Recordaba cómo había deseado en tiempos lejanos un hijo de Robert. El destino nos había dado a nuestro angelito, a nuestro Noble Impecable; pero con él nos había causado mucha ansiedad y mucha aflicción. Jamás olvidaría su muerte, ni aquellas noches que pasé al pie de su lecho después de los ataques. Y ahora había muerto; pero, a la vez que me afligía profundamente, su pérdida me liberaba de una gran angustia.

Me compensaba saber que mi hijito querido no sufriría más.
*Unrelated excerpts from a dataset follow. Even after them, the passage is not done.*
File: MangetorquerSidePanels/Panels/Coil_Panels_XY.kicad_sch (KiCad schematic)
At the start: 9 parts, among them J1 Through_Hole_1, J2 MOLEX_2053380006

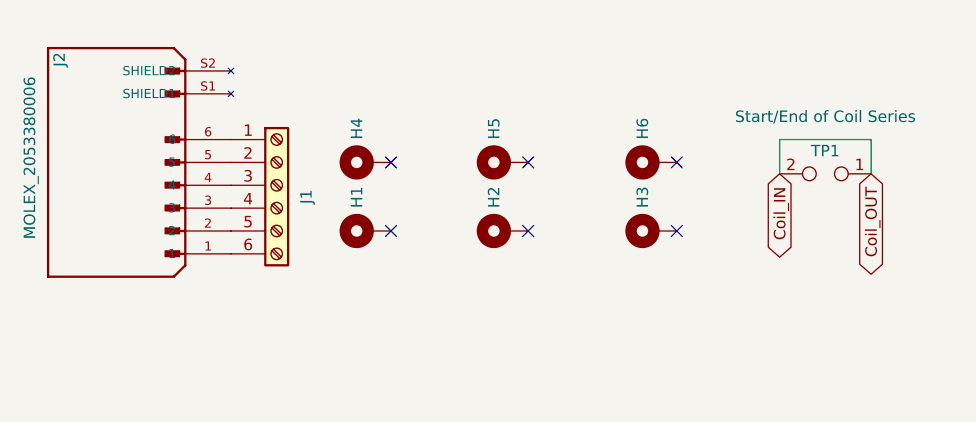
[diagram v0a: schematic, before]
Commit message: Final flight side panels w/ magnetorquers finished, note final board thickness of 0.031'' and updated copper weight of 0.5oz for internal layers
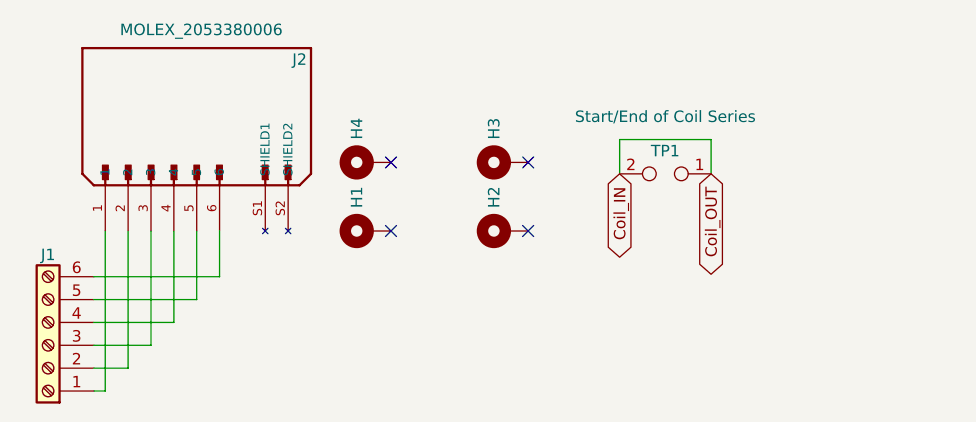
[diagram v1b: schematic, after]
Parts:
- removed H5, H6: ~, MountingHole:MountingHole_2.2mm_M2_DIN965_Pad_TopBottom, symbol Mechanical:MountingHole_Pad
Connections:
- net at J2.1: now also J1.1 (Pin_1); no longer J1.6 (Pin_6)
- net at J2.2: now also J1.2 (Pin_2); no longer J1.5 (Pin_5)
- net at J2.3: now also J1.3 (Pin_3); no longer J1.4 (Pin_4)
- net at J2.4: now also J1.4 (Pin_4); no longer J1.3 (Pin_3)
- net at J2.5: now also J1.5 (Pin_5); no longer J1.2 (Pin_2)
- net at J2.6: now also J1.6 (Pin_6); no longer J1.1 (Pin_1)
- no-connect marks 6 -> 4
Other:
- moved on the sheet: H3, J1, J2, TP1
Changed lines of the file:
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@@
 (kicad_sch (version 20211123) (generator eeschema)
   (paper "A4")
-  (no_connect (at 153.67 92.71))
   (no_connect (at 153.67 100.33))
   (no_connect (at 138.43 92.71))
   (no_connect (at 138.43 100.33))
-  (no_connect (at 170.18 92.71))
-  (no_connect (at 170.18 100.33))
-  (wire (pts (xy 191.77 93.98) (xy 191.77 90.17))
+  (no_connect (at 153.67 92.71))
+  (wire (pts (xy 106.68 118.11) (xy 106.68 100.33))
     (stroke (width 0) (type default) (color 0 0 0 0))
   )
-  (wire (pts (xy 191.77 90.17) (xy 181.61 90.17))
+  (wire (pts (xy 105.41 118.11) (xy 106.68 118.11))
     (stroke (width 0) (type default) (color 0 0 0 0))
   )
-  (wire (pts (xy 181.61 90.17) (xy 181.61 93.98))
+  (wire (pts (xy 105.41 115.57) (xy 109.22 115.57))
     (stroke (width 0) (type default) (color 0 0 0 0))
   )
-  (global_label "Coil_OUT" (shape bidirectional) (at 191.77 93.98 270) (fields_autoplaced)
+  (wire (pts (xy 105.41 107.95) (xy 116.84 107.95))
+    (stroke (width 0) (type default) (color 0 0 0 0))
+  )
+  (wire (pts (xy 116.84 107.95) (xy 116.84 100.33))
+    (stroke (width 0) (type default) (color 0 0 0 0))
+  )
+  (wire (pts (xy 105.41 110.49) (xy 114.3 110.49))
+    (stroke (width 0) (type default) (color 0 0 0 0))
+  )
+  (wire (pts (xy 111.76 113.03) (xy 111.76 100.33))
+    (stroke (width 0) (type default) (color 0 0 0 0))
+  )
+  (wire (pts (xy 109.22 115.57) (xy 109.22 100.33))
+    (stroke (width 0) (type default) (color 0 0 0 0))
+  )
+  (wire (pts (xy 105.41 105.41) (xy 119.38 105.41))
+    (stroke (width 0) (type default) (color 0 0 0 0))
+  )
+  (wire (pts (xy 173.99 93.98) (xy 173.99 90.17))
+    (stroke (width 0) (type default) (color 0 0 0 0))
+  )
+  (wire (pts (xy 114.3 110.49) (xy 114.3 100.33))
+    (stroke (width 0) (type default) (color 0 0 0 0))
+  )
+  (wire (pts (xy 119.38 105.41) (xy 119.38 100.33))
+    (stroke (width 0) (type default) (color 0 0 0 0))
+  )
+  (wire (pts (xy 173.99 90.17) (xy 163.83 90.17))
+    (stroke (width 0) (type default) (color 0 0 0 0))
+  )
+  (wire (pts (xy 163.83 90.17) (xy 163.83 93.98))
+    (stroke (width 0) (type default) (color 0 0 0 0))
+  )
+  (wire (pts (xy 105.41 113.03) (xy 111.76 113.03))
+    (stroke (width 0) (type default) (color 0 0 0 0))
+  )
+  (global_label "Coil_OUT" (shape bidirectional) (at 173.99 93.98 270) (fields_autoplaced)
     (effects (font (size 1.27 1.27)) (justify right))
-    (property "Intersheet References" "${INTERSHEET_REFS}" (id 0) (at 191.8494 104.6783 90)
+    (property "Intersheet References" "${INTERSHEET_REFS}" (id 0) (at 174.0694 104.6783 90)
       (effects (font (size 1.27 1.27)) (justify right) hide)
     )
   )
-  (global_label "Coil_IN" (shape bidirectional) (at 181.61 93.98 270) (fields_autoplaced)
+  (global_label "Coil_IN" (shape bidirectional) (at 163.83 93.98 270) (fields_autoplaced)
     (effects (font (size 1.27 1.27)) (justify right))
-    (property "Intersheet References" "${INTERSHEET_REFS}" (id 0) (at 181.6894 102.985 90)
+    (property "Intersheet References" "${INTERSHEET_REFS}" (id 0) (at 163.9094 102.985 90)
       (effects (font (size 1.27 1.27)) (justify right) hide)
     )
@@
     (pin "1")
   )
-  (symbol (lib_id "solar-panel-side-X-plus-rescue:2053380006-sapling") (at 107.95 92.71 180) (unit 1)
+  (symbol (lib_id "solar-panel-side-X-plus-rescue:2053380006-sapling") (at 116.84 87.63 90) (unit 1)
     (in_bom yes) (on_board yes)
-    (property "Reference" "J2" (id 0) (at 101.6 81.28 90))
-    (property "Value" "MOLEX_2053380006" (id 1) (at 98.298 92.202 90))
-    (property "Footprint" "panels:MOLEX_2053380006" (id 2) (at 107.95 92.71 0)
+    (property "Reference" "J2" (id 0) (at 128.27 81.28 90))
+    (property "Value" "MOLEX_2053380006" (id 1) (at 117.348 77.978 90))
+    (property "Footprint" "panels:MOLEX_2053380006" (id 2) (at 116.84 87.63 0)
       (effects (font (size 1.27 1.27)) hide)
     )
-    (property "Datasheet" "https://www.molex.com/webdocs/datasheets/pdf/en-us/2053380006_PCB_HEADERS.pdf" (id 3) (at 107.95 92.71 0)
+    (property "Datasheet" "https://www.molex.com/webdocs/datasheets/pdf/en-us/2053380006_PCB_HEADERS.pdf" (id 3) (at 116.84 87.63 0)
       (effects (font (size 1.27 1.27)) hide)
     )
@@
     (pin "S2")
   )
-  (symbol (lib_id "Mechanical:MountingHole_Pad") (at 167.64 100.33 90) (unit 1)
-    (in_bom yes) (on_board yes)
-    (property "Reference" "H3" (id 0) (at 166.3954 97.79 0)
-      (effects (font (size 1.27 1.27)) (justify left))
-    )
-    (property "Value" "~" (id 1) (at 168.7068 97.79 0)
-      (effects (font (size 1.27 1.27)) (justify left))
-    )
-    (property "Footprint" "MountingHole:MountingHole_2.2mm_M2_DIN965_Pad_TopBottom" (id 2) (at 167.64 100.33 0)
-      (effects (font (size 1.27 1.27)) hide)
-    )
-    (property "Datasheet" "~" (id 3) (at 167.64 100.33 0)
-      (effects (font (size 1.27 1.27)) hide)
-    )
-    (pin "1")
-  )
-  (symbol (lib_id "Connector:Screw_Terminal_01x06") (at 125.73 95.25 0) (unit 1)
-    (in_bom yes) (on_board yes) (fields_autoplaced)
-    (property "Reference" "J1" (id 0) (at 129.0304 96.52 90))
-    (property "Value" "Through_Hole_1" (id 1) (at 131.5673 96.52 90)
-      (effects (font (size 1.27 1.27)) hide)
-    )
-    (property "Footprint" "Connector_PinHeader_2.54mm:PinHeader_1x06_P2.54mm_Vertical" (id 2) (at 125.73 95.25 0)
-      (effects (font (size 1.27 1.27)) hide)
-    )
-    (property "Datasheet" "~" (id 3) (at 125.73 95.25 0)
-      (effects (font (size 1.27 1.27)) hide)
-    )
-    (pin "1")
-    (pin "2")
-    (pin "3")
-    (pin "4")
-    (pin "5")
-    (pin "6")
-  )
-  (symbol (lib_id "Mechanical:MountingHole_Pad") (at 167.64 92.71 90) (unit 1)
-    (in_bom yes) (on_board yes)
-    (property "Reference" "H6" (id 0) (at 166.3954 90.17 0)
-      (effects (font (size 1.27 1.27)) (justify left))
-    )
-    (property "Value" "~" (id 1) (at 168.7068 90.17 0)
-      (effects (font (size 1.27 1.27)) (justify left))
-    )
-    (property "Footprint" "MountingHole:MountingHole_2.2mm_M2_DIN965_Pad_TopBottom" (id 2) (at 167.64 92.71 0)
-      (effects (font (size 1.27 1.27)) hide)
-    )
-    (property "Datasheet" "~" (id 3) (at 167.64 92.71 0)
-      (effects (font (size 1.27 1.27)) hide)
-    )
-    (pin "1")
-  )
   (symbol (lib_id "Mechanical:MountingHole_Pad") (at 151.13 92.71 90) (unit 1)
     (in_bom yes) (on_board yes)
-    (property "Reference" "H5" (id 0) (at 149.8854 90.17 0)
+    (property "Reference" "H3" (id 0) (at 149.8854 90.17 0)
       (effects (font (size 1.27 1.27)) (justify left))
     )
@@
     (pin "1")
   )
-  (symbol (lib_id "Connector:TestPoint_2Pole") (at 186.69 93.98 180) (unit 1)
-    (in_bom yes) (on_board yes)
-    (property "Reference" "TP1" (id 0) (at 186.69 91.44 0))
-    (property "Value" "Start/End of Coil Series" (id 1) (at 186.69 87.63 0))
-    (property "Footprint" "panels:TestPointConnection" (id 2) (at 186.69 93.98 0)
+  (symbol (lib_id "Connector:Screw_Terminal_01x06") (at 100.33 113.03 180) (unit 1)
+    (in_bom yes) (on_board yes) (fields_autoplaced)
+    (property "Reference" "J1" (id 0) (at 100.33 102.9772 0))
+    (property "Value" "Through_Hole_1" (id 1) (at 94.4927 111.76 90)
       (effects (font (size 1.27 1.27)) hide)
     )
-    (property "Datasheet" "~" (id 3) (at 186.69 93.98 0)
+    (property "Footprint" "Connector_PinHeader_2.54mm:PinHeader_1x06_P2.54mm_Vertical" (id 2) (at 100.33 113.03 0)
+      (effects (font (size 1.27 1.27)) hide)
+    )
+    (property "Datasheet" "~" (id 3) (at 100.33 113.03 0)
+      (effects (font (size 1.27 1.27)) hide)
+    )
+    (pin "1")
+    (pin "2")
+    (pin "3")
+    (pin "4")
+    (pin "5")
+    (pin "6")
+  )
+  (symbol (lib_id "Connector:TestPoint_2Pole") (at 168.91 93.98 180) (unit 1)
+    (in_bom yes) (on_board yes)
+    (property "Reference" "TP1" (id 0) (at 168.91 91.44 0))
+    (property "Value" "Start/End of Coil Series" (id 1) (at 168.91 87.63 0))
+    (property "Footprint" "panels:TestPointConnection" (id 2) (at 168.91 93.98 0)
+      (effects (font (size 1.27 1.27)) hide)
+    )
+    (property "Datasheet" "~" (id 3) (at 168.91 93.98 0)
       (effects (font (size 1.27 1.27)) hide)
     )
@@
       (reference "H4") (unit 1) (value "~") (footprint "MountingHole:MountingHole_2.2mm_M2_DIN965_Pad_TopBottom")
     )
-    (path "/ceea3dc6-0906-4028-9990-6c6bfea00ca3"
-      (reference "H5") (unit 1) (value "~") (footprint "MountingHole:MountingHole_2.2mm_M2_DIN965_Pad_TopBottom")
-    )
-    (path "/c9168a08-b435-4b88-8dd0-a8a31a8fc32b"
-      (reference "H6") (unit 1) (value "~") (footprint "MountingHole:MountingHole_2.2mm_M2_DIN965_Pad_TopBottom")
-    )
     (path "/c6112166-6cb8-4cf8-90b5-cb35aeda56bf"

A veces, me preguntaba si su muerte habría sido un castigo a mis pecados. Y me preguntaba si Leicester no sentiría lo mismo.

No, no quería más hijos, y esto podría ser indicio de que mi amor por Robert decrecía.

Cuando estaba en Leicester House, que era donde más me gustaba estar por su proximidad a la Corte (tan cerca y sin embargo tan lejos para los excluidos de ella), veía más a Roberta porque le resultaba más fácil escaparse por breves períodos. Pero no podíamos estar juntos más que unos pocos días, porque enseguida llegaba el mensajero de la Reina exigiendo su vuelta a la Corte.

En una ocasión llegó muy preocupado. Después de sus declaraciones de eterna fidelidad a mí y de que consumamos nuestra pasión, que me pareció intentaba alimentar con la avidez que ambos habíamos conocido en nuestros encuentros secretos, me di cuenta de por qué había venido a mí aquel día.

La causa era un hombre llamado Walter Raleigh, que estaba creando grandes inquietudes.

Yo había oído hablar de él, por supuesto. Su nombre estaba en boca de todos. Penélope le había conocido y me dijo que era muy apuesto y que poseía un gran encanto; la Reina le había introducido enseguida en su círculo íntimo. Se había hecho famoso, según se decía, un lluvioso día en que la Reina regresaba a palacio a pie y se detuvo ante una zona embarrada que tenía que cruzar. Raleigh se quitó entonces su maravillosa capa y la extendió sobre el barro para que ella pudiese pasar. Me imaginé la escena: el gesto gentil, la lujosa capa, el resplandor de aquellos ojos tostados al ver los bellos rasgos del apuesto joven; el cálculo que debía brillar en los del aventurero que contaba sin duda por bien perdido el costo de una capa lujosa ante los beneficios que pudiese obtener.